Metagenomics uses sequencing techniques to identify microbes, analyze their genetic composition, and characterize disease-causing agents.1 The key steps of metagenomics involve sample collection, DNA/RNA extraction, and library preparation for sequencing.2
Metagenomics uses random primers containing every possible combination of nucleotides; therefore, all possible hexamers are present, enabling primers to bind to any DNA or RNA molecules in a mixture of genomes.
After the amplification step of library preparation, the polymerase chain reaction (PCR) products are loaded onto an NGS platform to obtain millions of short reads (sequences smaller than 600 bases) or long reads (approximately 1 kb or more).
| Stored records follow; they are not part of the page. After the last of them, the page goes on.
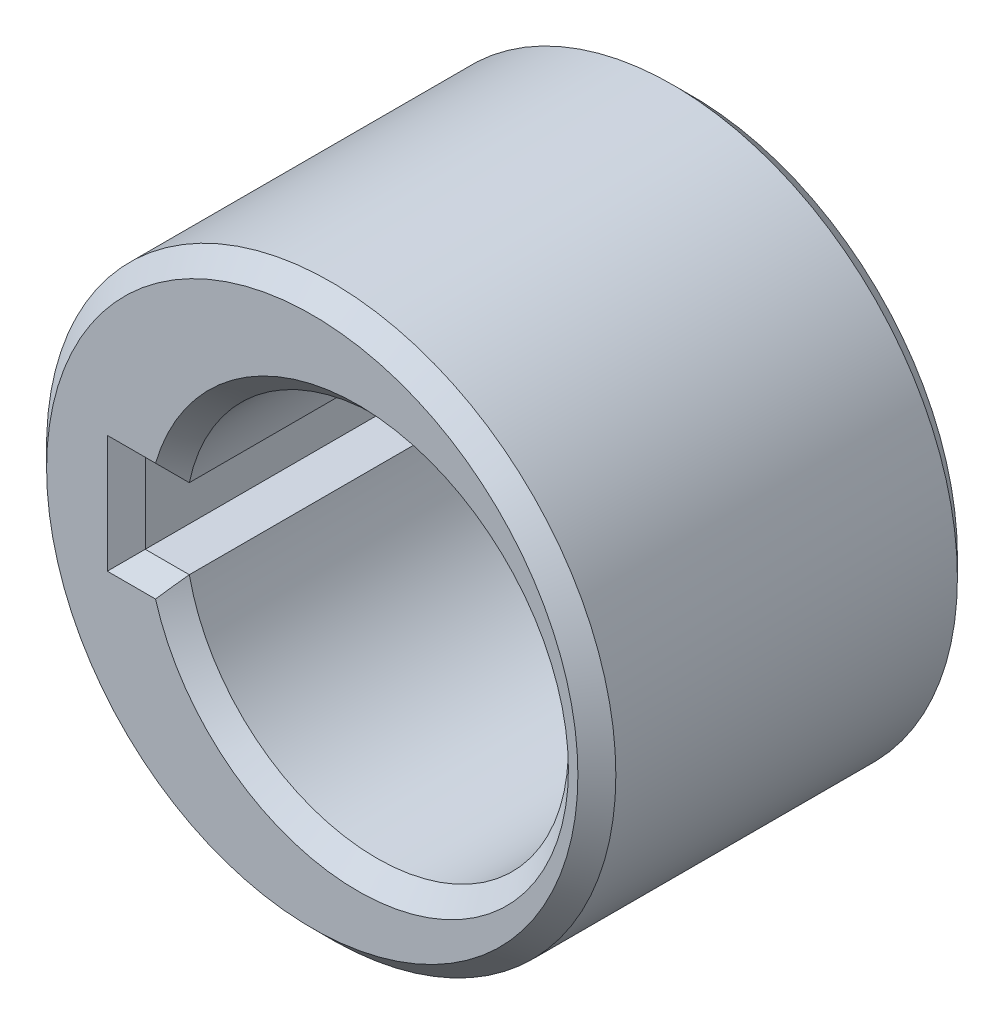
ISO-10303-21;
HEADER;
FILE_DESCRIPTION(('STEP AP214'),'2;1');
FILE_NAME('part.step','',(''),(''),'','','');
FILE_SCHEMA(('AUTOMOTIVE_DESIGN { 1 0 10303 214 1 1 1 1 }'));
ENDSEC;
DATA;
#1=APPLICATION_CONTEXT('core data for automotive mechanical design processes');
#2=APPLICATION_PROTOCOL_DEFINITION('international standard','automotive_design',2000,#1);
#3=PRODUCT_CONTEXT('',#1,'mechanical');
#4=PRODUCT('Part','Part','',(#3));
#5=PRODUCT_RELATED_PRODUCT_CATEGORY('part','',(#4));
#6=PRODUCT_DEFINITION_FORMATION('','',#4);
#7=PRODUCT_DEFINITION_CONTEXT('part definition',#1,'design');
#8=PRODUCT_DEFINITION('design','',#6,#7);
#9=PRODUCT_DEFINITION_SHAPE('','',#8);
#10=(LENGTH_UNIT() NAMED_UNIT(*) SI_UNIT(.MILLI.,.METRE.));
#11=(NAMED_UNIT(*) PLANE_ANGLE_UNIT() SI_UNIT($,.RADIAN.));
#12=(NAMED_UNIT(*) SI_UNIT($,.STERADIAN.) SOLID_ANGLE_UNIT());
#13=UNCERTAINTY_MEASURE_WITH_UNIT(LENGTH_MEASURE(1.E-05),#10,'distance_accuracy_value','');
#14=(GEOMETRIC_REPRESENTATION_CONTEXT(3) GLOBAL_UNCERTAINTY_ASSIGNED_CONTEXT((#13)) GLOBAL_UNIT_ASSIGNED_CONTEXT((#10,
#11,#12)) REPRESENTATION_CONTEXT('',''));
#15=CARTESIAN_POINT('',(0.,0.,0.));
#16=DIRECTION('',(0.,0.,1.));
#17=DIRECTION('',(1.,0.,0.));
#18=AXIS2_PLACEMENT_3D('',#15,#16,#17);
#19=CARTESIAN_POINT('',(-1.2,0.,10.));
#20=DIRECTION('',(0.,0.,1.));
#21=DIRECTION('',(1.,0.,0.));
#22=AXIS2_PLACEMENT_3D('',#19,#20,#21);
#23=PLANE('',#22);
#24=CARTESIAN_POINT('',(-1.2,0.,10.));
#25=DIRECTION('',(0.,0.,1.));
#26=DIRECTION('',(1.,0.,0.));
#27=AXIS2_PLACEMENT_3D('',#24,#25,#26);
#28=CIRCLE('',#27,7.);
#29=CARTESIAN_POINT('',(5.8,0.,10.));
#30=VERTEX_POINT('',#29);
#31=EDGE_CURVE('E11',#30,#30,#28,.T.);
#32=ORIENTED_EDGE('',*,*,#31,.T.);
#33=EDGE_LOOP('',(#32));
#34=FACE_BOUND('',#33,.T.);
#35=DIRECTION('',(-1.,0.,0.));
#36=VECTOR('',#35,1.);
#37=CARTESIAN_POINT('',(-6.1,-1.55000000000001,10.));
#38=LINE('',#37,#36);
#39=CARTESIAN_POINT('',(-5.3291650377897,-1.55,10.));
#40=VERTEX_POINT('',#39);
#41=CARTESIAN_POINT('',(-6.60000000000001,-1.55000000000001,10.));
#42=VERTEX_POINT('',#41);
#43=EDGE_CURVE('E141',#40,#42,#38,.T.);
#44=ORIENTED_EDGE('',*,*,#43,.T.);
#45=DIRECTION('',(0.,1.,0.));
#46=VECTOR('',#45,1.);
#47=CARTESIAN_POINT('',(-6.60000000000001,1.05,10.));
#48=LINE('',#47,#46);
#49=CARTESIAN_POINT('',(-6.60000000000001,1.55000000000001,10.));
#50=VERTEX_POINT('',#49);
#51=EDGE_CURVE('E123',#42,#50,#48,.T.);
#52=ORIENTED_EDGE('',*,*,#51,.T.);
#53=DIRECTION('',(1.,0.,0.));
#54=VECTOR('',#53,1.);
#55=CARTESIAN_POINT('',(-4.93963561409139,1.55000000000001,10.));
#56=LINE('',#55,#54);
#57=CARTESIAN_POINT('',(-5.3291650377897,1.55,10.));
#58=VERTEX_POINT('',#57);
#59=EDGE_CURVE('E147',#50,#58,#56,.T.);
#60=ORIENTED_EDGE('',*,*,#59,.T.);
#61=CARTESIAN_POINT('',(0.,0.,10.));
#62=DIRECTION('',(0.,0.,1.));
#63=DIRECTION('',(1.,0.,0.));
#64=AXIS2_PLACEMENT_3D('',#61,#62,#63);
#65=CIRCLE('',#64,5.55000000000001);
#66=EDGE_CURVE('E138',#58,#40,#65,.F.);
#67=ORIENTED_EDGE('',*,*,#66,.T.);
#68=EDGE_LOOP('',(#44,#52,#60,#67));
#69=FACE_BOUND('',#68,.T.);
#70=ADVANCED_FACE('F41',(#34,#69),#23,.T.);
#71=CARTESIAN_POINT('',(-1.2,0.,0.));
#72=DIRECTION('',(0.,0.,1.));
#73=DIRECTION('',(1.,0.,0.));
#74=AXIS2_PLACEMENT_3D('',#71,#72,#73);
#75=PLANE('',#74);
#76=CARTESIAN_POINT('',(-1.2,0.,0.));
#77=DIRECTION('',(0.,0.,1.));
#78=DIRECTION('',(1.,0.,0.));
#79=AXIS2_PLACEMENT_3D('',#76,#77,#78);
#80=CIRCLE('',#79,6.99999999999999);
#81=CARTESIAN_POINT('',(5.79999999999999,0.,0.));
#82=VERTEX_POINT('',#81);
#83=EDGE_CURVE('E50',#82,#82,#80,.F.);
#84=ORIENTED_EDGE('',*,*,#83,.T.);
#85=EDGE_LOOP('',(#84));
#86=FACE_BOUND('',#85,.T.);
#87=DIRECTION('',(1.,0.,0.));
#88=VECTOR('',#87,1.);
#89=CARTESIAN_POINT('',(-1.2,-1.55,0.));
#90=LINE('',#89,#88);
#91=CARTESIAN_POINT('',(-6.6,-1.55,0.));
#92=VERTEX_POINT('',#91);
#93=CARTESIAN_POINT('',(-5.32916503778969,-1.55,0.));
#94=VERTEX_POINT('',#93);
#95=EDGE_CURVE('E392',#92,#94,#90,.T.);
#96=ORIENTED_EDGE('',*,*,#95,.T.);
#97=CARTESIAN_POINT('',(0.,0.,0.));
#98=DIRECTION('',(0.,0.,1.));
#99=DIRECTION('',(1.,0.,0.));
#100=AXIS2_PLACEMENT_3D('',#97,#98,#99);
#101=CIRCLE('',#100,5.55);
#102=CARTESIAN_POINT('',(-5.32916503778969,1.55,0.));
#103=VERTEX_POINT('',#102);
#104=EDGE_CURVE('E388',#94,#103,#101,.T.);
#105=ORIENTED_EDGE('',*,*,#104,.T.);
#106=DIRECTION('',(-1.,0.,0.));
#107=VECTOR('',#106,1.);
#108=CARTESIAN_POINT('',(-1.2,1.55,0.));
#109=LINE('',#108,#107);
#110=CARTESIAN_POINT('',(-6.6,1.55,0.));
#111=VERTEX_POINT('',#110);
#112=EDGE_CURVE('E411',#103,#111,#109,.T.);
#113=ORIENTED_EDGE('',*,*,#112,.T.);
#114=DIRECTION('',(0.,-1.,0.));
#115=VECTOR('',#114,1.);
#116=CARTESIAN_POINT('',(-6.6,0.,0.));
#117=LINE('',#116,#115);
#118=EDGE_CURVE('E152',#111,#92,#117,.T.);
#119=ORIENTED_EDGE('',*,*,#118,.T.);
#120=EDGE_LOOP('',(#96,#105,#113,#119));
#121=FACE_BOUND('',#120,.T.);
#122=ADVANCED_FACE('F246',(#86,#121),#75,.F.);
#123=CARTESIAN_POINT('',(-1.2,0.,10.));
#124=DIRECTION('',(0.,0.,-1.));
#125=DIRECTION('',(-1.,0.,0.));
#126=AXIS2_PLACEMENT_3D('',#123,#124,#125);
#127=CYLINDRICAL_SURFACE('',#126,7.49999999999999);
#128=CARTESIAN_POINT('',(-1.2,0.,0.499999999999999));
#129=DIRECTION('',(0.,0.,1.));
#130=DIRECTION('',(1.,0.,0.));
#131=AXIS2_PLACEMENT_3D('',#128,#129,#130);
#132=CIRCLE('',#131,7.49999999999999);
#133=CARTESIAN_POINT('',(6.29999999999999,0.,0.499999999999999));
#134=VERTEX_POINT('',#133);
#135=EDGE_CURVE('E397',#134,#134,#132,.T.);
#136=ORIENTED_EDGE('',*,*,#135,.T.);
#137=EDGE_LOOP('',(#136));
#138=FACE_BOUND('',#137,.T.);
#139=CARTESIAN_POINT('',(-1.2,0.,9.5));
#140=DIRECTION('',(0.,0.,1.));
#141=DIRECTION('',(1.,0.,0.));
#142=AXIS2_PLACEMENT_3D('',#139,#140,#141);
#143=CIRCLE('',#142,7.49999999999999);
#144=CARTESIAN_POINT('',(6.29999999999999,0.,9.5));
#145=VERTEX_POINT('',#144);
#146=EDGE_CURVE('E395',#145,#145,#143,.F.);
#147=ORIENTED_EDGE('',*,*,#146,.T.);
#148=EDGE_LOOP('',(#147));
#149=FACE_BOUND('',#148,.T.);
#150=ADVANCED_FACE('F252',(#138,#149),#127,.T.);
#151=CARTESIAN_POINT('',(0.,0.,10.));
#152=DIRECTION('',(0.,0.,-1.));
#153=DIRECTION('',(-1.,0.,0.));
#154=AXIS2_PLACEMENT_3D('',#151,#152,#153);
#155=CYLINDRICAL_SURFACE('',#154,5.05);
#156=DIRECTION('',(0.,0.,-1.));
#157=VECTOR('',#156,1.);
#158=CARTESIAN_POINT('',(-4.93963561409139,1.05,10.));
#159=LINE('',#158,#157);
#160=CARTESIAN_POINT('',(-4.93963561409139,1.05,0.5));
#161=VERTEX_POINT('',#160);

Short read sequencing is performed in NGS platforms manufactured by Illumina, and ThermoFisher Scientific, and long read sequencing is performed in platforms designed by Oxford Nanopore Technologies and PacBio. The sequence data are analyzed and interpreted using bioinformatic tools.3
A key limitation of metagenomic technique is the need for a large quantity of genomic starting material. Furthermore, there is a high risk of contamination during sample collection and analysis, which increases the possibility of a biased interpretation of the result. However, genomic contamination or cross-contamination can be managed through controls and quality checkpoints.4
What is Bioinformatics?
Bioinformatic tools in metagenomics
Bioinformatic tools play an important role in metagenomics by aiding sequence read quality control (QC), quality trimming, assemblies, and gene predictions. Some key bioinformatic tools used are discussed below.4
Sequence reads quality assessment and trimming
Sequence QC is essential for identifying and removing technical errors in the metagenomic data to avoid false positives and negative results.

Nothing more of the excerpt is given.